PROBLEM REQUIREMENTS
The entries below contain a line with "import ezdxf" and a line with "doc.linetypes.add('DASHED', pattern=[3.5, 2, -1.5])". Quote exactly those two lines and all lines between them.

· · ·

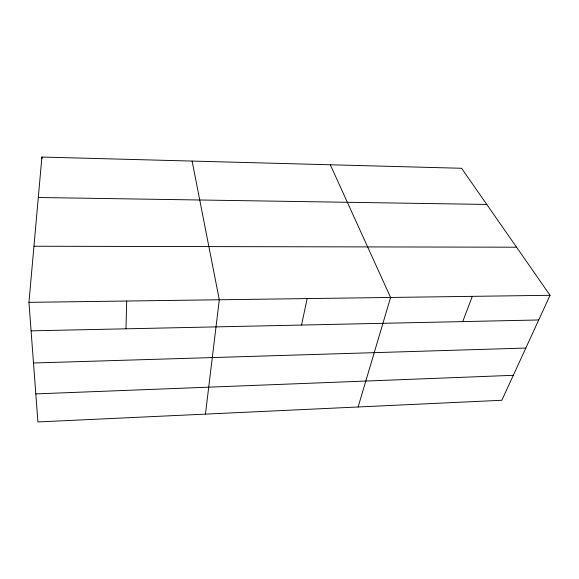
<?xml version="1.0" encoding="UTF-8"?>
<svg xmlns="http://www.w3.org/2000/svg" width="579" height="579" viewBox="0 0 579 579"><rect width="100%" height="100%" fill="white"/><g stroke="black" fill="none" stroke-linecap="round" stroke-linejoin="round"><path stroke-width="0.87" d="M125.976 328.814L126.692 301.022M28.95 302.347L41.905 157.054L461.579 168.279L550.05 295.297L501.848 400.27L37.917 421.946L28.95 302.347L550.05 295.297M205.451 414.123L219.296 299.77L192.119 161.071M301.55 325.051L307.145 298.583M358.119 406.986L390.601 297.454L330.312 164.769M462.73 321.598L472.326 296.347M35.811 393.901L513.305 375.315M33.495 362.997L525.826 348.059M31.085 330.848L538.716 319.97M33.951 246.241L516.555 247.204M38.301 197.49L486.773 204.445M41.905 157.054L41.999 158.834"/></g></svg>
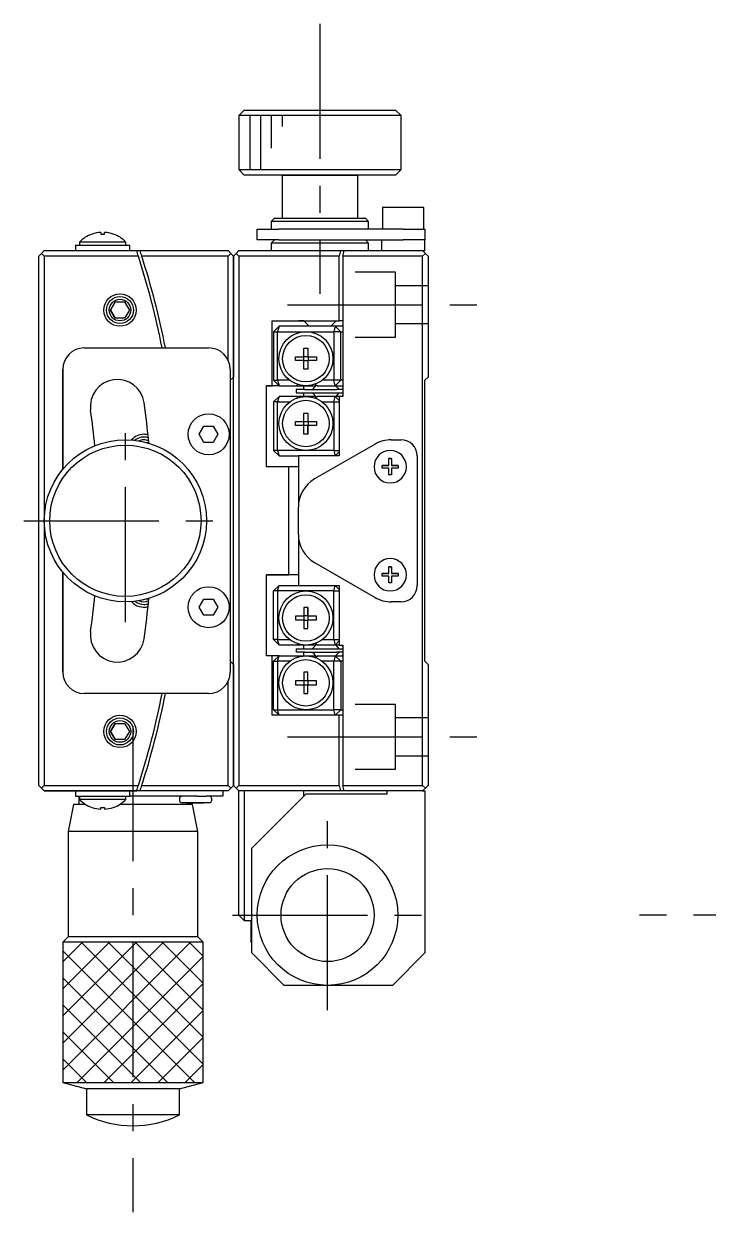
# Model space of a CAD drawing. Extents: x -13 to 402, y -21 to 235.
# Drawn here: x 238.2 to 301.6, y 74.4 to 184.4 of the extents above; entities that cross this region are included whole.
import ezdxf

# ---------------------------------------------------------------- set-up
doc = ezdxf.new("R2010")
doc.units = 0
doc.header["$LTSCALE"] = 10
doc.linetypes.add('CENTER', pattern=[2, 1.25, -0.25, 0.25, -0.25])
doc.linetypes.add('DASHED', pattern=[3.5, 2, -1.5])
doc.layers.get('0').update_dxf_attribs({"linetype": 'CONTINUOUS'})
doc.layers.add('CENTER', color=1, linetype='CENTER')

msp = doc.modelspace()

# ---------------------------------------------------------------- linework, layer by layer
at = {"color": 7, "linetype": 'CONTINUOUS'}
for p, q in [((258.64145, 176.410125), (258.14145, 175.910125)), ((258.64145, 176.410125), (265.64145, 176.410125)), ((265.64145, 176.410125), (272.64145, 176.410125)), ((273.14145, 175.910125), (272.64145, 176.410125)), ((265.64145, 175.910125), (258.14145, 175.910125)), ((258.14145, 175.910125), (258.14145, 170.910125)), ((273.14145, 175.910125), (265.64145, 175.910125)), ((273.14145, 170.910125), (273.14145, 175.910125)), ((258.14145, 170.910125), (265.64145, 170.910125)), ((258.14145, 170.910125), (258.64145, 170.410125)), ((265.64145, 170.910125), (273.14145, 170.910125)), ((272.64145, 170.410125), (273.14145, 170.910125)), ((262.14145, 170.410125), (258.64145, 170.410125)), ((265.64145, 170.410125), (258.64145, 170.410125)), ((269.14145, 170.410125), (262.14145, 170.410125)), ((262.14145, 170.410125), (265.64145, 170.410125)), ((262.14145, 170.410125), (262.14145, 166.410125)), ((272.64145, 170.410125), (265.64145, 170.410125)), ((265.64145, 170.410125), (269.14145, 170.410125)), ((272.64145, 170.410125), (269.14145, 170.410125)), ((269.14145, 166.410125), (269.14145, 170.410125)), ((273.34145, 167.410125), (271.44145, 167.410125)), ((271.44145, 167.410125), (271.44145, 165.410125)), ((275.24145, 167.410125), (273.34145, 167.410125)), ((275.24145, 165.410125), (275.24145, 167.410125)), ((261.44145, 166.410125), (261.14145, 166.110125)), ((265.64145, 166.110125), (261.14145, 166.110125)), ((261.14145, 166.110125), (261.14145, 165.410125)), ((261.44145, 166.410125), (265.64145, 166.410125)), ((265.64145, 166.410125), (269.84145, 166.410125)), ((270.14145, 166.110125), (265.64145, 166.110125)), ((270.14145, 166.110125), (269.84145, 166.410125)), ((270.14145, 165.410125), (270.14145, 166.110125)), ((245.36145, 165.099306), (245.36145, 164.942106)), ((245.72145, 164.942106), (245.72145, 165.099306)), ((259.84145, 164.410125), (259.84145, 165.410125)), ((259.84145, 165.410125), (261.84145, 165.410125)), ((273.34145, 165.410125), (261.84145, 165.410125)), ((273.34145, 165.410125), (275.34145, 165.410125)), ((275.34145, 165.410125), (275.34145, 164.410125)), ((243.04145, 163.910125), (248.04145, 163.910125)), ((243.04145, 163.910125), (243.04145, 163.410125)), ((247.69145, 164.202373), (243.39145, 164.202373)), ((243.39145, 164.202373), (243.39145, 163.910125)), ((244.564641, 164.946645), (244.568062, 164.942106)), ((245.36145, 164.942106), (245.72145, 164.942106)), ((246.514839, 164.942106), (246.518259, 164.946645)), ((247.69145, 163.910125), (247.69145, 164.202373)), ((248.04145, 163.410125), (248.04145, 163.910125)), ((261.84145, 164.410125), (259.84145, 164.410125)), ((261.44145, 164.410125), (261.14145, 164.110125)), ((265.64145, 164.110125), (261.14145, 164.110125)), ((261.14145, 164.110125), (261.14145, 163.410125)), ((261.84145, 164.410125), (273.34145, 164.410125)), ((270.14145, 164.110125), (265.64145, 164.110125)), ((270.14145, 164.110125), (269.84145, 164.410125)), ((270.14145, 163.410125), (270.14145, 164.110125)), ((271.34145, 164.410125), (271.34145, 163.410125)), ((275.34145, 164.410125), (273.34145, 164.410125)), ((275.34145, 163.410125), (275.34145, 164.410125)), ((239.89145, 163.160125), (239.64145, 162.910125)), ((239.64145, 113.910125), (239.64145, 162.910125)), ((239.89145, 163.160125), (240.14145, 163.410125)), ((240.14145, 162.910125), (239.89145, 163.160125)), ((240.14145, 163.410125), (248.686891, 163.410125)), ((240.14145, 162.910125), (240.14145, 138.410125)), ((248.847344, 162.910125), (240.14145, 162.910125)), ((248.686891, 163.410125), (249.002228, 163.410125)), ((249.002228, 163.410125), (257.14145, 163.410125)), ((257.14145, 162.910125), (249.162028, 162.910125)), ((257.14145, 163.410125), (257.39145, 163.160125)), ((257.39145, 163.160125), (257.14145, 162.910125)), ((257.14145, 153.281905), (257.14145, 162.910125)), ((257.64145, 162.910125), (257.39145, 163.160125)), ((257.64145, 162.910125), (257.89145, 163.160125)), ((257.64145, 162.910125), (257.64145, 151.710125)), ((257.64145, 151.710125), (257.64145, 162.910125)), ((257.89145, 163.160125), (258.14145, 163.410125)), ((258.14145, 162.910125), (257.89145, 163.160125)), ((258.14145, 163.410125), (267.56199, 163.410125)), ((258.14145, 162.910125), (258.14145, 113.910125)), ((267.43289, 162.910125), (258.14145, 162.910125)), ((267.43289, 156.910125), (267.43289, 162.910125)), ((267.56199, 163.410125), (267.871591, 163.410125)), ((275.14145, 162.910125), (267.742907, 162.910125)), ((267.742907, 162.910125), (267.742907, 149.910125)), ((267.871591, 163.410125), (275.14145, 163.410125)), ((275.14145, 163.410125), (275.34145, 163.410125)), ((275.14145, 163.410125), (275.39145, 163.160125)), ((275.39145, 163.160125), (275.14145, 162.910125)), ((275.14145, 113.910125), (275.14145, 162.910125)), ((275.39145, 163.160125), (275.64145, 162.910125)), ((275.64145, 162.910125), (275.64145, 151.710125)), ((246.275425, 157.910125), (246.708438, 158.660125)), ((246.708438, 158.660125), (246.275425, 157.910125)), ((246.708438, 158.660125), (247.574463, 158.660125)), ((247.574463, 158.660125), (248.007476, 157.910125)), ((246.708438, 157.160125), (246.275425, 157.910125)), ((246.275425, 157.910125), (246.708438, 157.160125)), ((248.007476, 157.910125), (247.574463, 157.160125)), ((247.574463, 157.160125), (246.708438, 157.160125)), ((261.218233, 156.910125), (267.43289, 156.910125)), ((261.218233, 150.910125), (261.218233, 156.910125)), ((261.350713, 155.910125), (261.874482, 156.410125)), ((261.874482, 156.410125), (261.716845, 155.910125)), ((267.045853, 156.410125), (261.874482, 156.410125)), ((264.14145, 156.910125), (263.64145, 156.910125)), ((264.141455, 156.910125), (263.64147, 156.910125)), ((264.14145, 156.910125), (264.39145, 156.660125)), ((264.39145, 156.660125), (264.64145, 156.410125)), ((264.632288, 156.419287), (264.632288, 156.410125)), ((266.64145, 156.410125), (266.89145, 156.660125)), ((266.89145, 156.660125), (267.14145, 156.910125)), ((267.045853, 156.410125), (266.931579, 155.910125)), ((267.045853, 156.410125), (267.558664, 155.910125)), ((267.742907, 156.410125), (267.045853, 156.410125)), ((267.742907, 156.910125), (267.43289, 156.910125)), ((261.350713, 155.910125), (261.350713, 151.410125)), ((261.350713, 155.910125), (261.716845, 155.910125)), ((261.716845, 151.410125), (261.716845, 155.910125)), ((261.716845, 155.910125), (264.34145, 155.910125)), ((264.34145, 155.910125), (266.931579, 155.910125)), ((266.931579, 155.910125), (266.931579, 151.410125)), ((267.558664, 155.910125), (266.931579, 155.910125)), ((267.558664, 151.410125), (267.558664, 155.910125)), ((267.558664, 155.910125), (267.742907, 155.910125)), ((243.84145, 154.410125), (255.34145, 154.410125)), ((264.16145, 154.383514), (264.52145, 154.383514)), ((264.16145, 153.590125), (264.16145, 154.383514)), ((264.52145, 154.383514), (264.52145, 153.590125)), ((263.368062, 153.590125), (264.16145, 153.590125)), ((263.368062, 153.230125), (263.368062, 153.590125)), ((264.16145, 153.230125), (263.368062, 153.230125)), ((264.145715, 153.230125), (264.145715, 153.590125)), ((264.16145, 153.60586), (264.52145, 153.60586)), ((264.16145, 152.436737), (264.16145, 153.230125)), ((264.52145, 153.21439), (264.16145, 153.21439)), ((264.52145, 153.590125), (265.314839, 153.590125)), ((264.52145, 153.230125), (264.52145, 152.436737)), ((265.314839, 153.230125), (264.52145, 153.230125)), ((264.537185, 153.590125), (264.537185, 153.230125)), ((265.314839, 153.590125), (265.314839, 153.230125)), ((241.84145, 143.165123), (241.84145, 152.410125)), ((241.84145, 152.410125), (241.84145, 143.165123)), ((257.34145, 152.410125), (257.34145, 124.410125)), ((264.52145, 152.436737), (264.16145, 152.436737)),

· · ·

ANSWER BOX
import ezdxf

# ---------------------------------------------------------------- set-up
doc = ezdxf.new("R2010")
doc.units = 0
doc.header["$LTSCALE"] = 10
doc.linetypes.add('CENTER', pattern=[2, 1.25, -0.25, 0.25, -0.25])
doc.linetypes.add('DASHED', pattern=[3.5, 2, -1.5])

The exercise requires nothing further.